Directions: Write out the records in full, exactly as given, but without the images.

Information:
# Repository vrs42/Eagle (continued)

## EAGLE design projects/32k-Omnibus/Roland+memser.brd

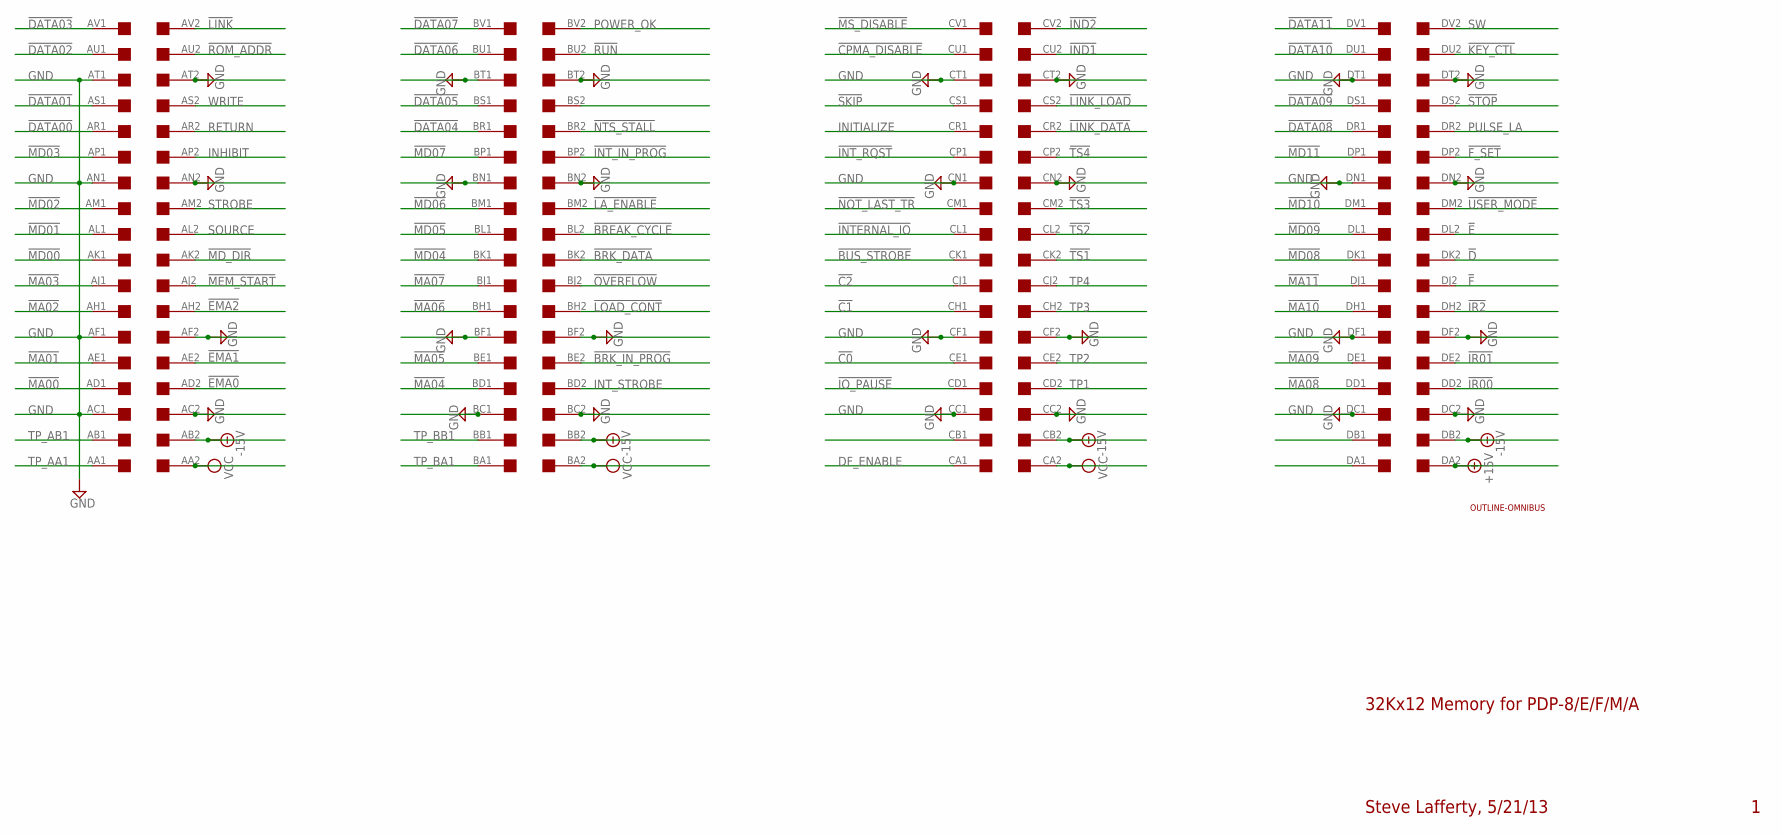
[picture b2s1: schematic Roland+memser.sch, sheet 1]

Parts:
J1: EDGE; EDGE-CON8
U$1: OUTLINE-OMNIBUS; OMNIBUS

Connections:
!BREAK_CYCLE: J1.BL2
!BRK_DATA: J1.BK2; also elsewhere on the board
!BRK_IN_PROG: J1.BE2
!BUS_STROBE: J1.CK1
!C0: J1.CE1; also elsewhere on the board
!C1: J1.CH1; also elsewhere on the board
!C2: J1.CJ1
!CPMA_DISABLE: J1.CU1; also elsewhere on the board
!D: J1.DK2; also elsewhere on the board
!DATA00: J1.AR1; also elsewhere on the board
!DATA01: J1.AS1; also elsewhere on the board
!DATA02: J1.AU1; also elsewhere on the board
!DATA03: J1.AV1; also elsewhere on the board
!DATA04: J1.BR1; also elsewhere on the board
!DATA05: J1.BS1; also elsewhere on the board
!DATA06: J1.BU1; also elsewhere on the board
!DATA07: J1.BV1; also elsewhere on the board
!DATA08: J1.DR1; also elsewhere on the board
!DATA09: J1.DS1; also elsewhere on the board
!DATA10: J1.DU1; also elsewhere on the board
!DATA11: J1.DV1; also elsewhere on the board
!E: J1.DL2
!EMA0: J1.AD2; also elsewhere on the board
!EMA1: J1.AE2; also elsewhere on the board
!EMA2: J1.AH2; also elsewhere on the board
!F: J1.DJ2; also elsewhere on the board
!F_SET: J1.DP2; also elsewhere on the board
!IND1: J1.CU2; also elsewhere on the board
!IND2: J1.CV2; also elsewhere on the board
!INTERNAL_IO: J1.CL1; also elsewhere on the board
!INT_IN_PROG: J1.BP2; also elsewhere on the board
!INT_RQST: J1.CP1; also elsewhere on the board
!IO_PAUSE: J1.CD1; also elsewhere on the board
!IR00: J1.DD2; also elsewhere on the board
!IR01: J1.DE2; also elsewhere on the board
!IR2: J1.DH2
!KEY_CTL: J1.DU2; also elsewhere on the board
!LA_ENABLE: J1.BM2; also elsewhere on the board
!LINK: J1.AV2
!LINK_DATA: J1.CR2
!LINK_LOAD: J1.CS2
!LOAD_CONT: J1.BH2; also elsewhere on the board
!MA00: J1.AD1; also elsewhere on the board
!MA01: J1.AE1; also elsewhere on the board
!MA02: J1.AH1; also elsewhere on the board
!MA03: J1.AJ1; also elsewhere on the board
!MA04: J1.BD1; also elsewhere on the board
!MA05: J1.BE1; also elsewhere on the board
!MA06: J1.BH1; also elsewhere on the board
!MA07: J1.BJ1; also elsewhere on the board
!MA08: J1.DD1; also elsewhere on the board
!MA09: J1.DE1; also elsewhere on the board
!MA10: J1.DH1; also elsewhere on the board
!MA11: J1.DJ1; also elsewhere on the board
!MD00: J1.AK1; also elsewhere on the board
!MD01: J1.AL1; also elsewhere on the board
!MD02: J1.AM1; also elsewhere on the board
!MD03: J1.AP1; also elsewhere on the board
!MD04: J1.BK1; also elsewhere on the board
!MD05: J1.BL1; also elsewhere on the board
!MD06: J1.BM1; also elsewhere on the board
!MD07: J1.BP1; also elsewhere on the board
!MD08: J1.DK1; also elsewhere on the board
!MD09: J1.DL1; also elsewhere on the board
!MD10: J1.DM1; also elsewhere on the board
!MD11: J1.DP1; also elsewhere on the board
!MD_DIR: J1.AK2; also elsewhere on the board
!MEM_START: J1.AJ2; also elsewhere on the board
!MS_DISABLE: J1.CV1; also elsewhere on the board
!NOT_LAST_TR: J1.CM1
!NTS_STALL: J1.BR2
!OVERFLOW: J1.BJ2
!ROM_ADDR: J1.AU2; also elsewhere on the board
!RUN: J1.BU2; also elsewhere on the board
!SKIP: J1.CS1; also elsewhere on the board
!STOP: J1.DS2; also elsewhere on the board
!TS1: J1.CK2; also elsewhere on the board
!TS2: J1.CL2
!TS3: J1.CM2; also elsewhere on the board
!TS4: J1.CP2; also elsewhere on the board
!USER_MODE: J1.DM2; also elsewhere on the board
+15V: J1.DA2
-15V: J1.AB2, J1.BB2, J1.CB2, J1.DB2
DF_ENABLE: J1.CA1; also elsewhere on the board
GND: J1.AC1, J1.AC2, J1.AF1, J1.AF2, J1.AN1, J1.AN2, J1.AT1, J1.AT2, J1.BC1, J1.BC2, J1.BF1, J1.BF2, J1.BN1, J1.BN2, J1.BT1, J1.BT2, J1.CC1, J1.CC2, J1.CF1, J1.CF2, J1.CN1, J1.CN2, J1.CT1, J1.CT2, J1.DC1, J1.DC2, J1.DF1, J1.DF2, J1.DN1, J1.DN2, J1.DT1, J1.DT2; also elsewhere on the board
INHIBIT: J1.AP2
INITIALIZE: J1.CR1; also elsewhere on the board
INT_STROBE: J1.BD2
POWER_OK: J1.BV2; also elsewhere on the board
PULSE_LA: J1.DR2; also elsewhere on the board
RETURN: J1.AR2
SOURCE: J1.AL2; also elsewhere on the board
STROBE: J1.AM2
SW: J1.DV2; also elsewhere on the board
TP1: J1.CD2
TP2: J1.CE2; also elsewhere on the board
TP3: J1.CH2; also elsewhere on the board
TP4: J1.CJ2; also elsewhere on the board
TP_AA1: J1.AA1; also elsewhere on the board
TP_AB1: J1.AB1; also elsewhere on the board
TP_BA1: J1.BA1; also elsewhere on the board
TP_BB1: J1.BB1; also elsewhere on the board
VCC: J1.AA2, J1.BA2, J1.CA2; also elsewhere on the board
WRITE: J1.AS2; also elsewhere on the board

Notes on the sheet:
32Kx12 Memory for PDP-8/E/F/M/A
Steve Lafferty, 5/21/13

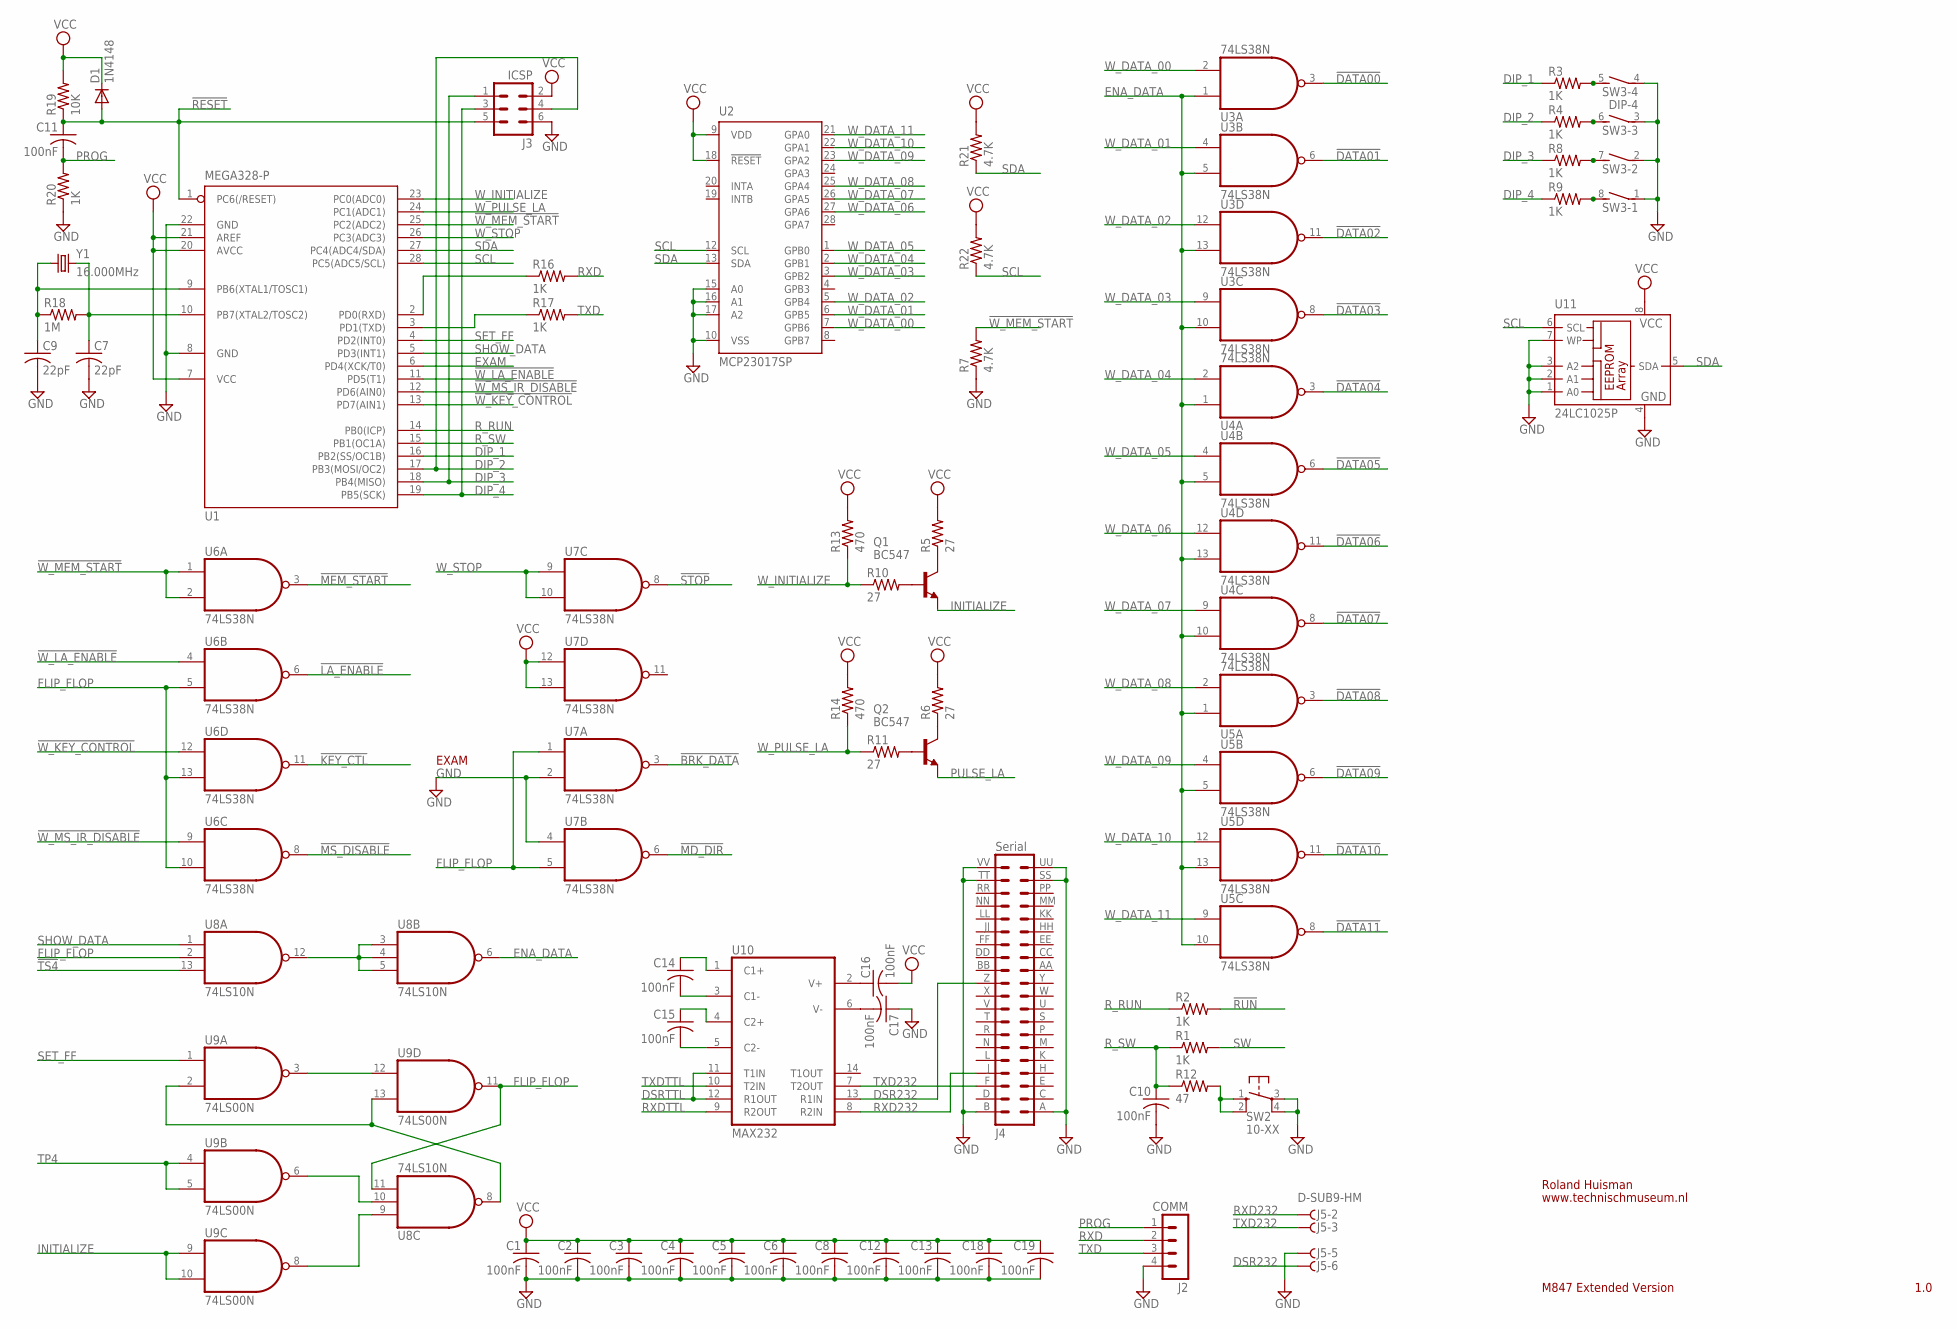
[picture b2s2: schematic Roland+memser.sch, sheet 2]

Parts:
C1, C2, C3, C4, C5, C6, C8, C10, C11, C12, C13, C14, C15, C16, C17, C18, C19: 100nF; C050-025X075
C7, C9: 22pF; C050-025X075
D1: 1N4148; DO35-10
J2: COMM; MA04-1
J3: ICSP; MA03-2
J4: Serial; DEC40PINH
J5: D-SUB9-HM; H5M09RA
Q1, Q2: BC547; TO5
R1, R2, R3, R4, R8, R9, R16, R17, R20: 1K; 0207/10
R5, R6, R10, R11: 27; 0207/10
R7, R21, R22: 4.7K; 0207/10
R12: 47; 0207/10
R13, R14: 470; 0207/10
R18: 1M; 0207/10
R19: 10K; 0207/10
SW2: 10-XX; B3F-10XX
SW3: DIP-4; DIP04S
U1: MEGA328-P; DIL28-3
U2: MCP23017SP; DIL28-3
U3, U4, U5, U6, U7: 74LS38N; DIL14
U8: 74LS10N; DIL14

Response to this exercise:
# Repository vrs42/Eagle (continued)

## EAGLE design projects/32k-Omnibus/Roland+memser.brd

[picture b2s1: schematic Roland+memser.sch, sheet 1]

Parts:
J1: EDGE; EDGE-CON8
U$1: OUTLINE-OMNIBUS; OMNIBUS

Connections:
!BREAK_CYCLE: J1.BL2
!BRK_DATA: J1.BK2; also elsewhere on the board
!BRK_IN_PROG: J1.BE2
!BUS_STROBE: J1.CK1
!C0: J1.CE1; also elsewhere on the board
!C1: J1.CH1; also elsewhere on the board
!C2: J1.CJ1
!CPMA_DISABLE: J1.CU1; also elsewhere on the board
!D: J1.DK2; also elsewhere on the board
!DATA00: J1.AR1; also elsewhere on the board
!DATA01: J1.AS1; also elsewhere on the board
!DATA02: J1.AU1; also elsewhere on the board
!DATA03: J1.AV1; also elsewhere on the board
!DATA04: J1.BR1; also elsewhere on the board
!DATA05: J1.BS1; also elsewhere on the board
!DATA06: J1.BU1; also elsewhere on the board
!DATA07: J1.BV1; also elsewhere on the board
!DATA08: J1.DR1; also elsewhere on the board
!DATA09: J1.DS1; also elsewhere on the board
!DATA10: J1.DU1; also elsewhere on the board
!DATA11: J1.DV1; also elsewhere on the board
!E: J1.DL2
!EMA0: J1.AD2; also elsewhere on the board
!EMA1: J1.AE2; also elsewhere on the board
!EMA2: J1.AH2; also elsewhere on the board
!F: J1.DJ2; also elsewhere on the board
!F_SET: J1.DP2; also elsewhere on the board
!IND1: J1.CU2; also elsewhere on the board
!IND2: J1.CV2; also elsewhere on the board
!INTERNAL_IO: J1.CL1; also elsewhere on the board
!INT_IN_PROG: J1.BP2; also elsewhere on the board
!INT_RQST: J1.CP1; also elsewhere on the board
!IO_PAUSE: J1.CD1; also elsewhere on the board
!IR00: J1.DD2; also elsewhere on the board
!IR01: J1.DE2; also elsewhere on the board
!IR2: J1.DH2
!KEY_CTL: J1.DU2; also elsewhere on the board
!LA_ENABLE: J1.BM2; also elsewhere on the board
!LINK: J1.AV2
!LINK_DATA: J1.CR2
!LINK_LOAD: J1.CS2
!LOAD_CONT: J1.BH2; also elsewhere on the board
!MA00: J1.AD1; also elsewhere on the board
!MA01: J1.AE1; also elsewhere on the board
!MA02: J1.AH1; also elsewhere on the board
!MA03: J1.AJ1; also elsewhere on the board
!MA04: J1.BD1; also elsewhere on the board
!MA05: J1.BE1; also elsewhere on the board
!MA06: J1.BH1; also elsewhere on the board
!MA07: J1.BJ1; also elsewhere on the board
!MA08: J1.DD1; also elsewhere on the board
!MA09: J1.DE1; also elsewhere on the board
!MA10: J1.DH1; also elsewhere on the board
!MA11: J1.DJ1; also elsewhere on the board
!MD00: J1.AK1; also elsewhere on the board
!MD01: J1.AL1; also elsewhere on the board
!MD02: J1.AM1; also elsewhere on the board
!MD03: J1.AP1; also elsewhere on the board
!MD04: J1.BK1; also elsewhere on the board
!MD05: J1.BL1; also elsewhere on the board
!MD06: J1.BM1; also elsewhere on the board
!MD07: J1.BP1; also elsewhere on the board
!MD08: J1.DK1; also elsewhere on the board
!MD09: J1.DL1; also elsewhere on the board
!MD10: J1.DM1; also elsewhere on the board
!MD11: J1.DP1; also elsewhere on the board
!MD_DIR: J1.AK2; also elsewhere on the board
!MEM_START: J1.AJ2; also elsewhere on the board
!MS_DISABLE: J1.CV1; also elsewhere on the board
!NOT_LAST_TR: J1.CM1
!NTS_STALL: J1.BR2
!OVERFLOW: J1.BJ2
!ROM_ADDR: J1.AU2; also elsewhere on the board
!RUN: J1.BU2; also elsewhere on the board
!SKIP: J1.CS1; also elsewhere on the board
!STOP: J1.DS2; also elsewhere on the board
!TS1: J1.CK2; also elsewhere on the board
!TS2: J1.CL2
!TS3: J1.CM2; also elsewhere on the board
!TS4: J1.CP2; also elsewhere on the board
!USER_MODE: J1.DM2; also elsewhere on the board
+15V: J1.DA2
-15V: J1.AB2, J1.BB2, J1.CB2, J1.DB2
DF_ENABLE: J1.CA1; also elsewhere on the board
GND: J1.AC1, J1.AC2, J1.AF1, J1.AF2, J1.AN1, J1.AN2, J1.AT1, J1.AT2, J1.BC1, J1.BC2, J1.BF1, J1.BF2, J1.BN1, J1.BN2, J1.BT1, J1.BT2, J1.CC1, J1.CC2, J1.CF1, J1.CF2, J1.CN1, J1.CN2, J1.CT1, J1.CT2, J1.DC1, J1.DC2, J1.DF1, J1.DF2, J1.DN1, J1.DN2, J1.DT1, J1.DT2; also elsewhere on the board
INHIBIT: J1.AP2
INITIALIZE: J1.CR1; also elsewhere on the board
INT_STROBE: J1.BD2
POWER_OK: J1.BV2; also elsewhere on the board
PULSE_LA: J1.DR2; also elsewhere on the board
RETURN: J1.AR2
SOURCE: J1.AL2; also elsewhere on the board
STROBE: J1.AM2
SW: J1.DV2; also elsewhere on the board
TP1: J1.CD2
TP2: J1.CE2; also elsewhere on the board
TP3: J1.CH2; also elsewhere on the board
TP4: J1.CJ2; also elsewhere on the board
TP_AA1: J1.AA1; also elsewhere on the board
TP_AB1: J1.AB1; also elsewhere on the board
TP_BA1: J1.BA1; also elsewhere on the board
TP_BB1: J1.BB1; also elsewhere on the board
VCC: J1.AA2, J1.BA2, J1.CA2; also elsewhere on the board
WRITE: J1.AS2; also elsewhere on the board

Notes on the sheet:
32Kx12 Memory for PDP-8/E/F/M/A
Steve Lafferty, 5/21/13

[picture b2s2: schematic Roland+memser.sch, sheet 2]

Parts:
C1, C2, C3, C4, C5, C6, C8, C10, C11, C12, C13, C14, C15, C16, C17, C18, C19: 100nF; C050-025X075
C7, C9: 22pF; C050-025X075
D1: 1N4148; DO35-10
J2: COMM; MA04-1
J3: ICSP; MA03-2
J4: Serial; DEC40PINH
J5: D-SUB9-HM; H5M09RA
Q1, Q2: BC547; TO5
R1, R2, R3, R4, R8, R9, R16, R17, R20: 1K; 0207/10
R5, R6, R10, R11: 27; 0207/10
R7, R21, R22: 4.7K; 0207/10
R12: 47; 0207/10
R13, R14: 470; 0207/10
R18: 1M; 0207/10
R19: 10K; 0207/10
SW2: 10-XX; B3F-10XX
SW3: DIP-4; DIP04S
U1: MEGA328-P; DIL28-3
U2: MCP23017SP; DIL28-3
U3, U4, U5, U6, U7: 74LS38N; DIL14
U8: 74LS10N; DIL14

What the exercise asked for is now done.